Saved entries
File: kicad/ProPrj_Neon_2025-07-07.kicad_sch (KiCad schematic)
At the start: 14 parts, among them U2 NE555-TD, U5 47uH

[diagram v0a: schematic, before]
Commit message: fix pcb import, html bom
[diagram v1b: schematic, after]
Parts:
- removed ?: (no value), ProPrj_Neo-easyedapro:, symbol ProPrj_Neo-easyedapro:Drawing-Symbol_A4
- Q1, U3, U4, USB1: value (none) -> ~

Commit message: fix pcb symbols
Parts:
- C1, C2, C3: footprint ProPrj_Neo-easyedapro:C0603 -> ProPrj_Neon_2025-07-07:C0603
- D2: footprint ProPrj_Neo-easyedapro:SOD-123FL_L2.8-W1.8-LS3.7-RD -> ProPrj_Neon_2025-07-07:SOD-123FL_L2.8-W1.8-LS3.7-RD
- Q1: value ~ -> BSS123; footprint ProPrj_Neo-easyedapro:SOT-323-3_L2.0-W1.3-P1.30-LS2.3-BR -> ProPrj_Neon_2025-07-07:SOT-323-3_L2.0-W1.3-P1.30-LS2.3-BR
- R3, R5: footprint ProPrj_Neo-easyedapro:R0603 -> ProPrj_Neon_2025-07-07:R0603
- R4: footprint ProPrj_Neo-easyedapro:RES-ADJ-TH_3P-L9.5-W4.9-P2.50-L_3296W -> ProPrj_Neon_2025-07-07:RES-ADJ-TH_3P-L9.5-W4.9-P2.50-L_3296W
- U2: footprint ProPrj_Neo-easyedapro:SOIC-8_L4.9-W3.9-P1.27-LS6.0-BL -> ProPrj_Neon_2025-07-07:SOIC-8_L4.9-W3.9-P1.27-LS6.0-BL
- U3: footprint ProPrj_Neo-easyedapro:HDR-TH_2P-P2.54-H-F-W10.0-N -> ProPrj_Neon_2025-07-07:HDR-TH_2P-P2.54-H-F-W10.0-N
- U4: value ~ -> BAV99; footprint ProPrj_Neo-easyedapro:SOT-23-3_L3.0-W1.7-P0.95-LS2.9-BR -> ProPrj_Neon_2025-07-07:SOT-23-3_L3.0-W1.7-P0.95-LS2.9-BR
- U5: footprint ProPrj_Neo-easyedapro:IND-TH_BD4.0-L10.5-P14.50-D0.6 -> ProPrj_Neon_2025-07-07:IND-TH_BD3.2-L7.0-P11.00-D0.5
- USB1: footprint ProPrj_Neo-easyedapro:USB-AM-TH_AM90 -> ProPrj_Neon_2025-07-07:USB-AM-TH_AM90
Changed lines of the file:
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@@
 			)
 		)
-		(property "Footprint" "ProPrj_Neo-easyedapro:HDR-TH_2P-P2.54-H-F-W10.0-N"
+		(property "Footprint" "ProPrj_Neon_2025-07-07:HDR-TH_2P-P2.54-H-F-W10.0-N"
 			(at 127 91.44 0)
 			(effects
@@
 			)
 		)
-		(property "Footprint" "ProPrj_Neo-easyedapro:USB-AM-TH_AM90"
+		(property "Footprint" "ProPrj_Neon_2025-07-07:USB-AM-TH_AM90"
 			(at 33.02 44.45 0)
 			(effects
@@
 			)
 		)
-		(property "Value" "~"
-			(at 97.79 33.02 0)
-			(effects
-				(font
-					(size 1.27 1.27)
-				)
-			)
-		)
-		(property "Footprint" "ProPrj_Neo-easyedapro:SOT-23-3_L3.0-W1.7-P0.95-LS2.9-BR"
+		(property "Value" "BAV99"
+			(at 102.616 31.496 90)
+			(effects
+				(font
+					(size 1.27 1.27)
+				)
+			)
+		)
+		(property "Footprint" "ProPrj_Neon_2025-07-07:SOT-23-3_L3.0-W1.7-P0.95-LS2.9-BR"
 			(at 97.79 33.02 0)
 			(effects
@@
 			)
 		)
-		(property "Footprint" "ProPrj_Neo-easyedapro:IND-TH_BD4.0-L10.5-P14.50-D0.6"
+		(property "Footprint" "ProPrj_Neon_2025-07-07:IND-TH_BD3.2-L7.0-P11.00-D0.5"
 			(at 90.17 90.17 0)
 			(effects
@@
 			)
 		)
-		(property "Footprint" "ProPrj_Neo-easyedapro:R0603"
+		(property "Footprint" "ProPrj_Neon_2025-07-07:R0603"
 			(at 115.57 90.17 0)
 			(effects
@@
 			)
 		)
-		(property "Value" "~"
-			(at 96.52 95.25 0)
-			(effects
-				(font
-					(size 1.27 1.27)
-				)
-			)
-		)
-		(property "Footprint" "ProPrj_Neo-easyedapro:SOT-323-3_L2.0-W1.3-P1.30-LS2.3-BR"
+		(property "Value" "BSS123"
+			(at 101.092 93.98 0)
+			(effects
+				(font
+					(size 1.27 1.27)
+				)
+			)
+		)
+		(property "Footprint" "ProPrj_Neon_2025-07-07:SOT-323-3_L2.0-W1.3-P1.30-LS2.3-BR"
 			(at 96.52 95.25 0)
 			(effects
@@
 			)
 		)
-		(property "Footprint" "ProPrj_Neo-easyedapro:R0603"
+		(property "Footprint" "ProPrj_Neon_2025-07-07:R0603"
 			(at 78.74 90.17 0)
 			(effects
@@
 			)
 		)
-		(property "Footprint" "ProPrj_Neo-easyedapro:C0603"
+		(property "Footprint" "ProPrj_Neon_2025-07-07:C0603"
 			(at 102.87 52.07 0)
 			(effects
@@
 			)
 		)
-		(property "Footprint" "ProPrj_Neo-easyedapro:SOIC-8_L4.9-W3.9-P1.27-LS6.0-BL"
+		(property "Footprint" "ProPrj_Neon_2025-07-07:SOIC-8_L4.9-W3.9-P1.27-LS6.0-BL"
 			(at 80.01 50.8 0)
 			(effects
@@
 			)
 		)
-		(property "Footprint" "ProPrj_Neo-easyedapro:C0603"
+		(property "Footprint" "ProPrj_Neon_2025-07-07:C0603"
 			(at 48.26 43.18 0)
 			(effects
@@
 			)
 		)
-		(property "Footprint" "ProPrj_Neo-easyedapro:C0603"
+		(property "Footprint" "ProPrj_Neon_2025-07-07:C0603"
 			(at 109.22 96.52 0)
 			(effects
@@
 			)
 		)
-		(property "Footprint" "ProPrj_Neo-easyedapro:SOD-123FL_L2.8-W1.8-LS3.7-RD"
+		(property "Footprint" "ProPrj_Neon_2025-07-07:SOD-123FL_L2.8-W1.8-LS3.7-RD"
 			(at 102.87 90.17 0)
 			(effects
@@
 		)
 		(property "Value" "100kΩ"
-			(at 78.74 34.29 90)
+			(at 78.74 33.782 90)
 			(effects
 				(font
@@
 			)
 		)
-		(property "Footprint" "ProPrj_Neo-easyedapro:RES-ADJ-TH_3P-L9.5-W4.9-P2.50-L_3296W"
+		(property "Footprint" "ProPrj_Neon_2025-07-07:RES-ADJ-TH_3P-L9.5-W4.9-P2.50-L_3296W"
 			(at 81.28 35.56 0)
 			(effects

**PROBLEM DESCRIPTION:** From the first line of the data through the line with "- U3: footprint", quote each line exactly and add nothing else.

**ANSWER AREA:**
File: kicad/ProPrj_Neon_2025-07-07.kicad_sch (KiCad schematic)
At the start: 14 parts, among them U2 NE555-TD, U5 47uH

[diagram v0a: schematic, before]
Commit message: fix pcb import, html bom
[diagram v1b: schematic, after]
Parts:
- removed ?: (no value), ProPrj_Neo-easyedapro:, symbol ProPrj_Neo-easyedapro:Drawing-Symbol_A4
- Q1, U3, U4, USB1: value (none) -> ~

Commit message: fix pcb symbols
Parts:
- C1, C2, C3: footprint ProPrj_Neo-easyedapro:C0603 -> ProPrj_Neon_2025-07-07:C0603
- D2: footprint ProPrj_Neo-easyedapro:SOD-123FL_L2.8-W1.8-LS3.7-RD -> ProPrj_Neon_2025-07-07:SOD-123FL_L2.8-W1.8-LS3.7-RD
- Q1: value ~ -> BSS123; footprint ProPrj_Neo-easyedapro:SOT-323-3_L2.0-W1.3-P1.30-LS2.3-BR -> ProPrj_Neon_2025-07-07:SOT-323-3_L2.0-W1.3-P1.30-LS2.3-BR
- R3, R5: footprint ProPrj_Neo-easyedapro:R0603 -> ProPrj_Neon_2025-07-07:R0603
- R4: footprint ProPrj_Neo-easyedapro:RES-ADJ-TH_3P-L9.5-W4.9-P2.50-L_3296W -> ProPrj_Neon_2025-07-07:RES-ADJ-TH_3P-L9.5-W4.9-P2.50-L_3296W
- U2: footprint ProPrj_Neo-easyedapro:SOIC-8_L4.9-W3.9-P1.27-LS6.0-BL -> ProPrj_Neon_2025-07-07:SOIC-8_L4.9-W3.9-P1.27-LS6.0-BL
- U3: footprint ProPrj_Neo-easyedapro:HDR-TH_2P-P2.54-H-F-W10.0-N -> ProPrj_Neon_2025-07-07:HDR-TH_2P-P2.54-H-F-W10.0-N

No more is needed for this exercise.